• [Problem details]: Below are some records. Print exactly the lines between the one holding "#120=EDGE_CURVE('P1_E173',#108,#119,#117,.T.);" and the one holding "#136=CARTESIAN_POINT('',(0.,12.5281814821626,1.651));", inclusive, and nothing else.

[Extracted data entries]
__________________________________________________
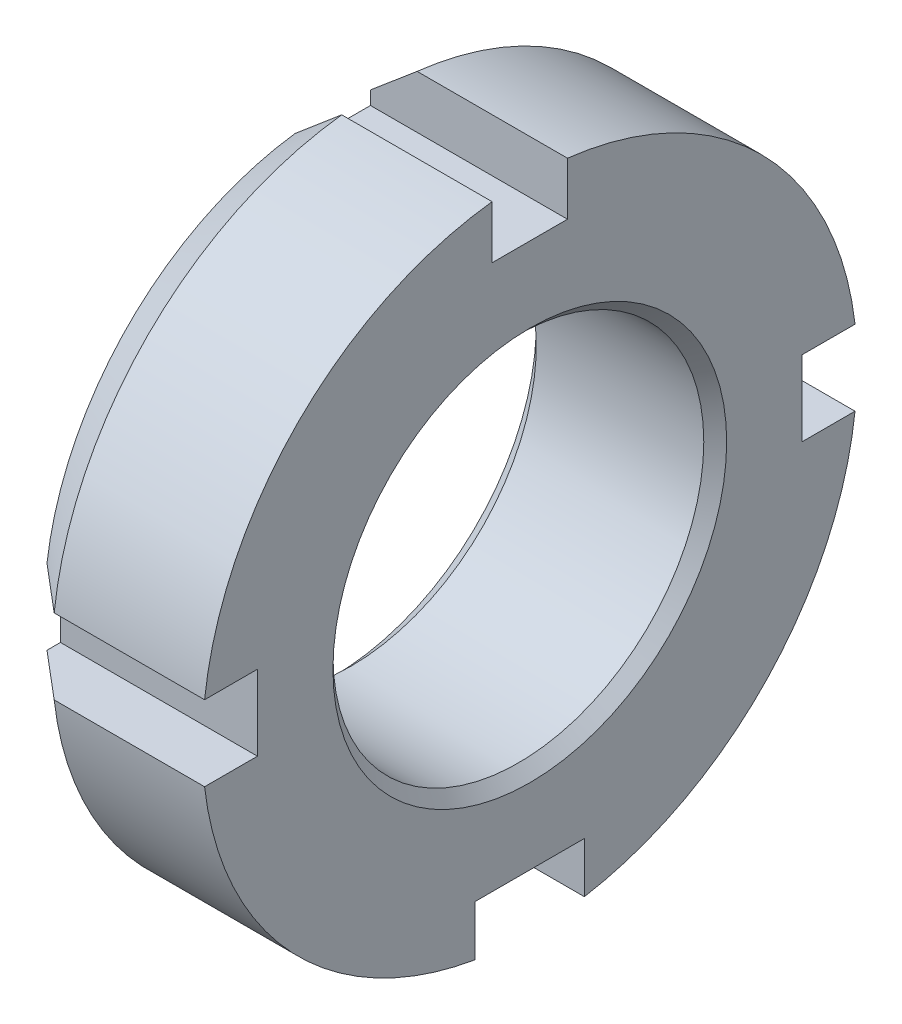
ISO-10303-21;
HEADER;
FILE_DESCRIPTION(('STEP AP214'),'2;1');
FILE_NAME('part.step','',(''),(''),'','','');
FILE_SCHEMA(('AUTOMOTIVE_DESIGN { 1 0 10303 214 1 1 1 1 }'));
ENDSEC;
DATA;
#1=APPLICATION_CONTEXT('core data for automotive mechanical design processes');
#2=APPLICATION_PROTOCOL_DEFINITION('international standard','automotive_design',2000,#1);
#3=PRODUCT_CONTEXT('',#1,'mechanical');
#4=PRODUCT('Part','Part','',(#3));
#5=PRODUCT_RELATED_PRODUCT_CATEGORY('part','',(#4));
#6=PRODUCT_DEFINITION_FORMATION('','',#4);
#7=PRODUCT_DEFINITION_CONTEXT('part definition',#1,'design');
#8=PRODUCT_DEFINITION('design','',#6,#7);
#9=PRODUCT_DEFINITION_SHAPE('','',#8);
#10=(LENGTH_UNIT() NAMED_UNIT(*) SI_UNIT(.MILLI.,.METRE.));
#11=(NAMED_UNIT(*) PLANE_ANGLE_UNIT() SI_UNIT($,.RADIAN.));
#12=(NAMED_UNIT(*) SI_UNIT($,.STERADIAN.) SOLID_ANGLE_UNIT());
#13=UNCERTAINTY_MEASURE_WITH_UNIT(LENGTH_MEASURE(1.E-05),#10,'distance_accuracy_value','');
#14=(GEOMETRIC_REPRESENTATION_CONTEXT(3) GLOBAL_UNCERTAINTY_ASSIGNED_CONTEXT((#13)) GLOBAL_UNIT_ASSIGNED_CONTEXT((#10,
#11,#12)) REPRESENTATION_CONTEXT('',''));
#15=CARTESIAN_POINT('',(0.,0.,0.));
#16=DIRECTION('',(0.,0.,1.));
#17=DIRECTION('',(1.,0.,0.));
#18=AXIS2_PLACEMENT_3D('',#15,#16,#17);
#19=CARTESIAN_POINT('',(0.,0.,0.));
#20=DIRECTION('',(1.,0.,0.));
#21=DIRECTION('',(0.,0.,-1.));
#22=AXIS2_PLACEMENT_3D('',#19,#20,#21);
#23=PLANE('',#22);
#24=CARTESIAN_POINT('',(0.,0.,0.));
#25=DIRECTION('',(-1.,0.,0.));
#26=DIRECTION('',(0.,0.,1.));
#27=AXIS2_PLACEMENT_3D('',#24,#25,#26);
#28=CIRCLE('',#27,2.54);
#29=CARTESIAN_POINT('',(0.,0.,2.54));
#30=VERTEX_POINT('',#29);
#31=EDGE_CURVE('P0_E17',#30,#30,#28,.F.);
#32=ORIENTED_EDGE('',*,*,#31,.F.);
#33=EDGE_LOOP('',(#32));
#34=FACE_BOUND('',#33,.T.);
#35=ADVANCED_FACE('P0_F14',(#34),#23,.F.);
#36=CARTESIAN_POINT('',(0.254,0.,0.));
#37=DIRECTION('',(-1.,0.,0.));
#38=DIRECTION('',(0.,0.,1.));
#39=AXIS2_PLACEMENT_3D('',#36,#37,#38);
#40=CYLINDRICAL_SURFACE('',#39,2.54);
#41=ORIENTED_EDGE('',*,*,#31,.T.);
#42=EDGE_LOOP('',(#41));
#43=FACE_BOUND('',#42,.T.);
#44=CARTESIAN_POINT('',(0.254,0.,0.));
#45=DIRECTION('',(-1.,0.,0.));
#46=DIRECTION('',(0.,0.,1.));
#47=AXIS2_PLACEMENT_3D('',#44,#45,#46);
#48=CIRCLE('',#47,2.54);
#49=CARTESIAN_POINT('',(0.254,0.,2.54));
#50=VERTEX_POINT('',#49);
#51=EDGE_CURVE('P0_E10',#50,#50,#48,.F.);
#52=ORIENTED_EDGE('',*,*,#51,.F.);
#53=EDGE_LOOP('',(#52));
#54=FACE_BOUND('',#53,.T.);
#55=ADVANCED_FACE('P0_F26',(#43,#54),#40,.T.);
#56=CARTESIAN_POINT('',(0.254,0.,0.));
#57=DIRECTION('',(1.,0.,0.));
#58=DIRECTION('',(0.,0.,-1.));
#59=AXIS2_PLACEMENT_3D('',#56,#57,#58);
#60=PLANE('',#59);
#61=ORIENTED_EDGE('',*,*,#51,.T.);
#62=EDGE_LOOP('',(#61));
#63=FACE_BOUND('',#62,.T.);
#64=ADVANCED_FACE('P0_F34',(#63),#60,.T.);
#65=CLOSED_SHELL('',(#35,#55,#64));
#66=MANIFOLD_SOLID_BREP('P0_B1',#65);
#67=CARTESIAN_POINT('',(0.,0.,0.));
#68=DIRECTION('',(-1.,0.,0.));
#69=DIRECTION('',(0.,-1.,0.));
#70=AXIS2_PLACEMENT_3D('',#67,#68,#69);
#71=CONICAL_SURFACE('',#70,8.92175000000001,0.785398163397454);
#72=CARTESIAN_POINT('',(0.,0.,0.));
#73=DIRECTION('',(-1.,0.,0.));
#74=DIRECTION('',(0.,-1.,0.));
#75=AXIS2_PLACEMENT_3D('',#72,#73,#74);
#76=CIRCLE('',#75,8.92175000000001);
#77=CARTESIAN_POINT('',(0.,-8.92175000000001,0.));
#78=VERTEX_POINT('',#77);
#79=EDGE_CURVE('P1_E202',#78,#78,#76,.T.);
#80=ORIENTED_EDGE('',*,*,#79,.T.);
#81=EDGE_LOOP('',(#80));
#82=FACE_BOUND('',#81,.T.);
#83=CARTESIAN_POINT('',(0.793750000000002,0.,0.));
#84=DIRECTION('',(-1.,0.,0.));
#85=DIRECTION('',(0.,0.,1.));
#86=AXIS2_PLACEMENT_3D('',#83,#84,#85);
#87=CIRCLE('',#86,8.128);
#88=CARTESIAN_POINT('',(0.793750000000002,0.,8.128));
#89=VERTEX_POINT('',#88);
#90=EDGE_CURVE('P1_E263',#89,#89,#87,.F.);
#91=ORIENTED_EDGE('',*,*,#90,.T.);
#92=EDGE_LOOP('',(#91));
#93=FACE_BOUND('',#92,.T.);
#94=ADVANCED_FACE('P1_F16',(#82,#93),#71,.F.);
#95=CARTESIAN_POINT('',(2.04326153450278,0.,0.));
#96=DIRECTION('',(1.,0.,0.));
#97=DIRECTION('',(0.,1.,0.));
#98=AXIS2_PLACEMENT_3D('',#95,#96,#97);
#99=CONICAL_SURFACE('',#98,14.351,0.698131700797725);
#100=CARTESIAN_POINT('',(0.,0.,0.));
#101=DIRECTION('',(1.,0.,0.));
#102=DIRECTION('',(0.,1.,0.));
#103=AXIS2_PLACEMENT_3D('',#100,#101,#102);
#104=CIRCLE('',#103,12.6365);
#105=CARTESIAN_POINT('',(0.,12.5281814821626,1.651));
#106=VERTEX_POINT('',#105);
#107=CARTESIAN_POINT('',(0.,1.651,12.5281814821626));
#108=VERTEX_POINT('',#107);
#109=EDGE_CURVE('P1_E203',#106,#108,#104,.T.);
#110=ORIENTED_EDGE('',*,*,#109,.T.);
#111=CARTESIAN_POINT('',(0.,1.651,12.5281814821625));
#112=CARTESIAN_POINT('',(0.340405958390028,1.651,12.8162664626746));
#113=CARTESIAN_POINT('',(0.680880732745143,1.651,13.1042700502399));
#114=CARTESIAN_POINT('',(1.36196791091373,1.651,13.6801144373874));
#115=CARTESIAN_POINT('',(1.70258031472621,1.651,13.9679552369708));
#116=CARTESIAN_POINT('',(2.04326153450278,1.651,14.2557146436087));
#117=B_SPLINE_CURVE_WITH_KNOTS('',3,(#111,#112,#113,#114,#115,#116),.UNSPECIFIED.,.F.,.F.,(4,2,
4),(0.,1.33784238451476,2.67568475931881),.UNSPECIFIED.);
#118=CARTESIAN_POINT('',(2.04326153450278,1.651,14.2557146436087));
#119=VERTEX_POINT('',#118);
#120=EDGE_CURVE('P1_E173',#108,#119,#117,.T.);
#121=ORIENTED_EDGE('',*,*,#120,.T.);
#122=CARTESIAN_POINT('',(2.04326153450278,0.,0.));
#123=DIRECTION('',(-1.,0.,0.));
#124=DIRECTION('',(0.,0.,1.));
#125=AXIS2_PLACEMENT_3D('',#122,#123,#124);
#126=CIRCLE('',#125,14.351);
#127=CARTESIAN_POINT('',(2.04326153450278,14.2557146436087,1.651));
#128=VERTEX_POINT('',#127);
#129=EDGE_CURVE('P1_E252',#128,#119,#126,.F.);
#130=ORIENTED_EDGE('',*,*,#129,.F.);
#131=CARTESIAN_POINT('',(2.04326153450278,14.2557146436087,1.651));
#132=CARTESIAN_POINT('',(1.70258031472621,13.9679552369708,1.651));
#133=CARTESIAN_POINT('',(1.36196791091374,13.6801144373875,1.651));
#134=CARTESIAN_POINT('',(0.680880732745155,13.1042700502399,1.651));
#135=CARTESIAN_POINT('',(0.340405958390043,12.8162664626746,1.651));
#136=CARTESIAN_POINT('',(0.,12.5281814821626,1.651));
#137=B_SPLINE_CURVE_WITH_KNOTS('',3,(#131,#132,#133,#134,#135,#136),.UNSPECIFIED.,.F.,.F.,(4,2,
4),(0.,1.33784237480403,2.67568475931878),.UNSPECIFIED.);
#138=EDGE_CURVE('P1_E249',#128,#106,#137,.T.);
#139=ORIENTED_EDGE('',*,*,#138,.T.);
#140=EDGE_LOOP('',(#110,#121,#130,#139));
#141=FACE_BOUND('',#140,.T.);
#142=ADVANCED_FACE('P1_F351',(#141),#99,.T.);
#143=CARTESIAN_POINT('',(2.04326153450278,0.,0.));
#144=DIRECTION('',(1.,0.,0.));
#145=DIRECTION('',(0.,1.,0.));
#146=AXIS2_PLACEMENT_3D('',#143,#144,#145);
#147=CONICAL_SURFACE('',#146,14.351,0.698131700797725);
#148=CARTESIAN_POINT('',(2.04326153450278,0.,0.));
#149=DIRECTION('',(-1.,0.,0.));
#150=DIRECTION('',(0.,0.,1.));
#151=AXIS2_PLACEMENT_3D('',#148,#149,#150);
#152=CIRCLE('',#151,14.351);
#153=CARTESIAN_POINT('',(2.04326153450278,1.651,-14.2557146436087));
#154=VERTEX_POINT('',#153);
#155=CARTESIAN_POINT('',(2.04326153450278,14.2557146436087,-1.651));
#156=VERTEX_POINT('',#155);
#157=EDGE_CURVE('P1_E231',#154,#156,#152,.F.);
#158=ORIENTED_EDGE('',*,*,#157,.F.);
#159=CARTESIAN_POINT('',(2.04326153450278,1.651,-14.2557146436087));
#160=CARTESIAN_POINT('',(1.70258031472621,1.651,-13.9679552369708));
#161=CARTESIAN_POINT('',(1.36196791091374,1.651,-13.6801144373875));
#162=CARTESIAN_POINT('',(0.680880732745155,1.651,-13.1042700502399));
#163=CARTESIAN_POINT('',(0.340405958390043,1.651,-12.8162664626746));
#164=CARTESIAN_POINT('',(0.,1.651,-12.5281814821626));
#165=B_SPLINE_CURVE_WITH_KNOTS('',3,(#159,#160,#161,#162,#163,#164),.UNSPECIFIED.,.F.,.F.,(4,2,
4),(0.,1.33784237480403,2.67568475931878),.UNSPECIFIED.);
#166=CARTESIAN_POINT('',(0.,1.651,-12.5281814821626));
#167=VERTEX_POINT('',#166);
#168=EDGE_CURVE('P1_E228',#154,#167,#165,.T.);
#169=ORIENTED_EDGE('',*,*,#168,.T.);
#170=CARTESIAN_POINT('',(0.,0.,0.));
#171=DIRECTION('',(1.,0.,0.));
#172=DIRECTION('',(0.,1.,0.));
#173=AXIS2_PLACEMENT_3D('',#170,#171,#172);
#174=CIRCLE('',#173,12.6365);
#175=CARTESIAN_POINT('',(0.,12.5281814821626,-1.651));
#176=VERTEX_POINT('',#175);
#177=EDGE_CURVE('P1_E508',#167,#176,#174,.T.);
#178=ORIENTED_EDGE('',*,*,#177,.T.);
#179=CARTESIAN_POINT('',(0.,12.5281814821625,-1.651));
#180=CARTESIAN_POINT('',(0.340405958390028,12.8162664626746,-1.651));
#181=CARTESIAN_POINT('',(0.680880732745143,13.1042700502399,-1.651));
#182=CARTESIAN_POINT('',(1.36196791091373,13.6801144373874,-1.651));
#183=CARTESIAN_POINT('',(1.7025803147262,13.9679552369708,-1.651));
#184=CARTESIAN_POINT('',(2.04326153450277,14.2557146436087,-1.651));
#185=B_SPLINE_CURVE_WITH_KNOTS('',3,(#179,#180,#181,#182,#183,#184),.UNSPECIFIED.,.F.,.F.,(4,2,
4),(0.,1.33784238451476,2.6756847593188),.UNSPECIFIED.);
#186=EDGE_CURVE('P1_E242',#176,#156,#185,.T.);
#187=ORIENTED_EDGE('',*,*,#186,.T.);
#188=EDGE_LOOP('',(#158,#169,#178,#187));
#189=FACE_BOUND('',#188,.T.);
#190=ADVANCED_FACE('P1_F354',(#189),#147,.T.);
#191=CARTESIAN_POINT('',(2.04326153450278,0.,0.));
#192=DIRECTION('',(1.,0.,0.));
#193=DIRECTION('',(0.,0.,-1.));
#194=AXIS2_PLACEMENT_3D('',#191,#192,#193);
#195=CONICAL_SURFACE('',#194,14.351,0.698131700797724);
#196=CARTESIAN_POINT('',(0.,0.,0.));
#197=DIRECTION('',(1.,0.,0.));
#198=DIRECTION('',(0.,0.,-1.));
#199=AXIS2_PLACEMENT_3D('',#196,#197,#198);
#200=CIRCLE('',#199,12.6365);
#201=CARTESIAN_POINT('',(0.,-12.4080725963203,-2.39183333333373));
#202=VERTEX_POINT('',#201);
#203=CARTESIAN_POINT('',(0.,-1.651,-12.5281814821625));
#204=VERTEX_POINT('',#203);
#205=EDGE_CURVE('P1_E19',#202,#204,#200,.T.);
#206=ORIENTED_EDGE('',*,*,#205,.T.);
#207=CARTESIAN_POINT('',(0.,-1.651,-12.5281814821625));
#208=CARTESIAN_POINT('',(0.340405958390026,-1.651,-12.8162664626746));
#209=CARTESIAN_POINT('',(0.680880732745142,-1.651,-13.1042700502399));
#210=CARTESIAN_POINT('',(1.36196791091373,-1.651,-13.6801144373874));
#211=CARTESIAN_POINT('',(1.70258031472621,-1.651,-13.9679552369708));
#212=CARTESIAN_POINT('',(2.04326153450278,-1.651,-14.2557146436087));
#213=B_SPLINE_CURVE_WITH_KNOTS('',3,(#207,#208,#209,#210,#211,#212),.UNSPECIFIED.,.F.,.F.,(4,2,
4),(0.,1.33784238451476,2.67568475931881),.UNSPECIFIED.);
#214=CARTESIAN_POINT('',(2.04326153450278,-1.651,-14.2557146436087));
#215=VERTEX_POINT('',#214);
#216=EDGE_CURVE('P1_E221',#204,#215,#213,.T.);
#217=ORIENTED_EDGE('',*,*,#216,.T.);
#218=CARTESIAN_POINT('',(2.04326153450278,0.,0.));
#219=DIRECTION('',(-1.,0.,0.));
#220=DIRECTION('',(0.,0.,1.));
#221=AXIS2_PLACEMENT_3D('',#218,#219,#220);
#222=CIRCLE('',#221,14.351);
#223=CARTESIAN_POINT('',(2.04326153450278,-14.150276827877,-2.39183333333373));
#224=VERTEX_POINT('',#223);
#225=EDGE_CURVE('P1_E211',#224,#215,#222,.F.);
#226=ORIENTED_EDGE('',*,*,#225,.F.);
#227=CARTESIAN_POINT('',(2.04326153450278,-14.150276827877,-2.39183333333373));
#228=CARTESIAN_POINT('',(1.70242124266067,-13.8602574411366,-2.39183333333373));
#229=CARTESIAN_POINT('',(1.36172930501916,-13.5700640642141,-2.39183333333373));
#230=CARTESIAN_POINT('',(0.680642126841729,-12.9893293203734,-2.39183333333373));
#231=CARTESIAN_POINT('',(0.340246886315648,-12.6987879534437,-2.39183333333373));
#232=CARTESIAN_POINT('',(0.,-12.4080725963203,-2.39183333333373));
#233=B_SPLINE_CURVE_WITH_KNOTS('',3,(#227,#228,#229,#230,#231,#232),.UNSPECIFIED.,.F.,.F.,(4,2,
4),(0.,1.34259030662849,2.68518065778987),.UNSPECIFIED.);
#234=EDGE_CURVE('P1_E208',#224,#202,#233,.T.);
#235=ORIENTED_EDGE('',*,*,#234,.T.);
#236=EDGE_LOOP('',(#206,#217,#226,#235));
#237=FACE_BOUND('',#236,.T.);
#238=ADVANCED_FACE('P1_F359',(#237),#195,.T.);
#239=CARTESIAN_POINT('',(0.,12.6365,0.));
#240=DIRECTION('',(1.,0.,0.));
#241=DIRECTION('',(0.,0.,-1.));
#242=AXIS2_PLACEMENT_3D('',#239,#240,#241);
#243=PLANE('',#242);
#244=ORIENTED_EDGE('',*,*,#79,.F.);
#245=EDGE_LOOP('',(#244));
#246=FACE_BOUND('',#245,.T.);
#247=DIRECTION('',(0.,1.,0.));
#248=VECTOR('',#247,1.);
#249=CARTESIAN_POINT('',(0.,12.6365,2.39183333333372));
#250=LINE('',#249,#248);
#251=CARTESIAN_POINT('',(0.,-12.4080725963203,2.39183333333372));
#252=VERTEX_POINT('',#251);
#253=CARTESIAN_POINT('',(0.,-11.938,2.39183333333372));
#254=VERTEX_POINT('',#253);
#255=EDGE_CURVE('P1_E199',#252,#254,#250,.T.);
#256=ORIENTED_EDGE('',*,*,#255,.F.);
#257=CARTESIAN_POINT('',(0.,0.,0.));
#258=DIRECTION('',(1.,0.,0.));
#259=DIRECTION('',(0.,0.,-1.));
#260=AXIS2_PLACEMENT_3D('',#257,#258,#259);
#261=CIRCLE('',#260,12.6365);
#262=CARTESIAN_POINT('',(0.,-1.651,12.5281814821625));
#263=VERTEX_POINT('',#262);
#264=EDGE_CURVE('P1_E160',#263,#252,#261,.T.);
#265=ORIENTED_EDGE('',*,*,#264,.F.);
#266=DIRECTION('',(0.,0.,-1.));
#267=VECTOR('',#266,1.);
#268=CARTESIAN_POINT('',(0.,-1.651,14.2557146436087));
#269=LINE('',#268,#267);
#270=CARTESIAN_POINT('',(0.,-1.651,11.938));
#271=VERTEX_POINT('',#270);
#272=EDGE_CURVE('P1_E153',#263,#271,#269,.T.);
#273=ORIENTED_EDGE('',*,*,#272,.T.);
#274=DIRECTION('',(0.,1.,0.));
#275=VECTOR('',#274,1.);
#276=CARTESIAN_POINT('',(0.,1.651,11.938));
#277=LINE('',#276,#275);
#278=CARTESIAN_POINT('',(0.,1.651,11.938));
#279=VERTEX_POINT('',#278);
#280=EDGE_CURVE('P1_E157',#271,#279,#277,.T.);
#281=ORIENTED_EDGE('',*,*,#280,.T.);
#282=DIRECTION('',(0.,0.,1.));
#283=VECTOR('',#282,1.);
#284=CARTESIAN_POINT('',(0.,1.651,14.2557146436087));
#285=LINE('',#284,#283);
#286=EDGE_CURVE('P1_E255',#279,#108,#285,.T.);
#287=ORIENTED_EDGE('',*,*,#286,.T.);
#288=ORIENTED_EDGE('',*,*,#109,.F.);
#289=DIRECTION('',(0.,-1.,0.));
#290=VECTOR('',#289,1.);
#291=CARTESIAN_POINT('',(0.,14.2557146436087,1.651));
#292=LINE('',#291,#290);
#293=CARTESIAN_POINT('',(0.,11.938,1.651));
#294=VERTEX_POINT('',#293);
#295=EDGE_CURVE('P1_E246',#106,#294,#292,.T.);
#296=ORIENTED_EDGE('',*,*,#295,.T.);
#297=DIRECTION('',(0.,0.,-1.));
#298=VECTOR('',#297,1.);
#299=CARTESIAN_POINT('',(0.,11.938,1.651));
#300=LINE('',#299,#298);
#301=CARTESIAN_POINT('',(0.,11.938,-1.651));
#302=VERTEX_POINT('',#301);
#303=EDGE_CURVE('P1_E240',#294,#302,#300,.T.);
#304=ORIENTED_EDGE('',*,*,#303,.T.);
#305=DIRECTION('',(0.,1.,0.));
#306=VECTOR('',#305,1.);
#307=CARTESIAN_POINT('',(0.,14.2557146436087,-1.651));
#308=LINE('',#307,#306);
#309=EDGE_CURVE('P1_E234',#302,#176,#308,.T.);
#310=ORIENTED_EDGE('',*,*,#309,.T.);
#311=ORIENTED_EDGE('',*,*,#177,.F.);
#312=DIRECTION('',(0.,0.,1.));
#313=VECTOR('',#312,1.);
#314=CARTESIAN_POINT('',(0.,1.651,-11.938));
#315=LINE('',#314,#313);
#316=CARTESIAN_POINT('',(0.,1.651,-11.938));
#317=VERTEX_POINT('',#316);
#318=EDGE_CURVE('P1_E225',#167,#317,#315,.T.);
#319=ORIENTED_EDGE('',*,*,#318,.T.);
#320=DIRECTION('',(0.,1.,0.));
#321=VECTOR('',#320,1.);
#322=CARTESIAN_POINT('',(0.,1.651,-11.938));
#323=LINE('',#322,#321);
#324=CARTESIAN_POINT('',(0.,-1.651,-11.938));
#325=VERTEX_POINT('',#324);
#326=EDGE_CURVE('P1_E219',#317,#325,#323,.F.);
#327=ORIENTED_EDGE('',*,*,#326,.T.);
__________________________________________________
• [Result below]:
#120=EDGE_CURVE('P1_E173',#108,#119,#117,.T.);
#121=ORIENTED_EDGE('',*,*,#120,.T.);
#122=CARTESIAN_POINT('',(2.04326153450278,0.,0.));
#123=DIRECTION('',(-1.,0.,0.));
#124=DIRECTION('',(0.,0.,1.));
#125=AXIS2_PLACEMENT_3D('',#122,#123,#124);
#126=CIRCLE('',#125,14.351);
#127=CARTESIAN_POINT('',(2.04326153450278,14.2557146436087,1.651));
#128=VERTEX_POINT('',#127);
#129=EDGE_CURVE('P1_E252',#128,#119,#126,.F.);
#130=ORIENTED_EDGE('',*,*,#129,.F.);
#131=CARTESIAN_POINT('',(2.04326153450278,14.2557146436087,1.651));
#132=CARTESIAN_POINT('',(1.70258031472621,13.9679552369708,1.651));
#133=CARTESIAN_POINT('',(1.36196791091374,13.6801144373875,1.651));
#134=CARTESIAN_POINT('',(0.680880732745155,13.1042700502399,1.651));
#135=CARTESIAN_POINT('',(0.340405958390043,12.8162664626746,1.651));
#136=CARTESIAN_POINT('',(0.,12.5281814821626,1.651));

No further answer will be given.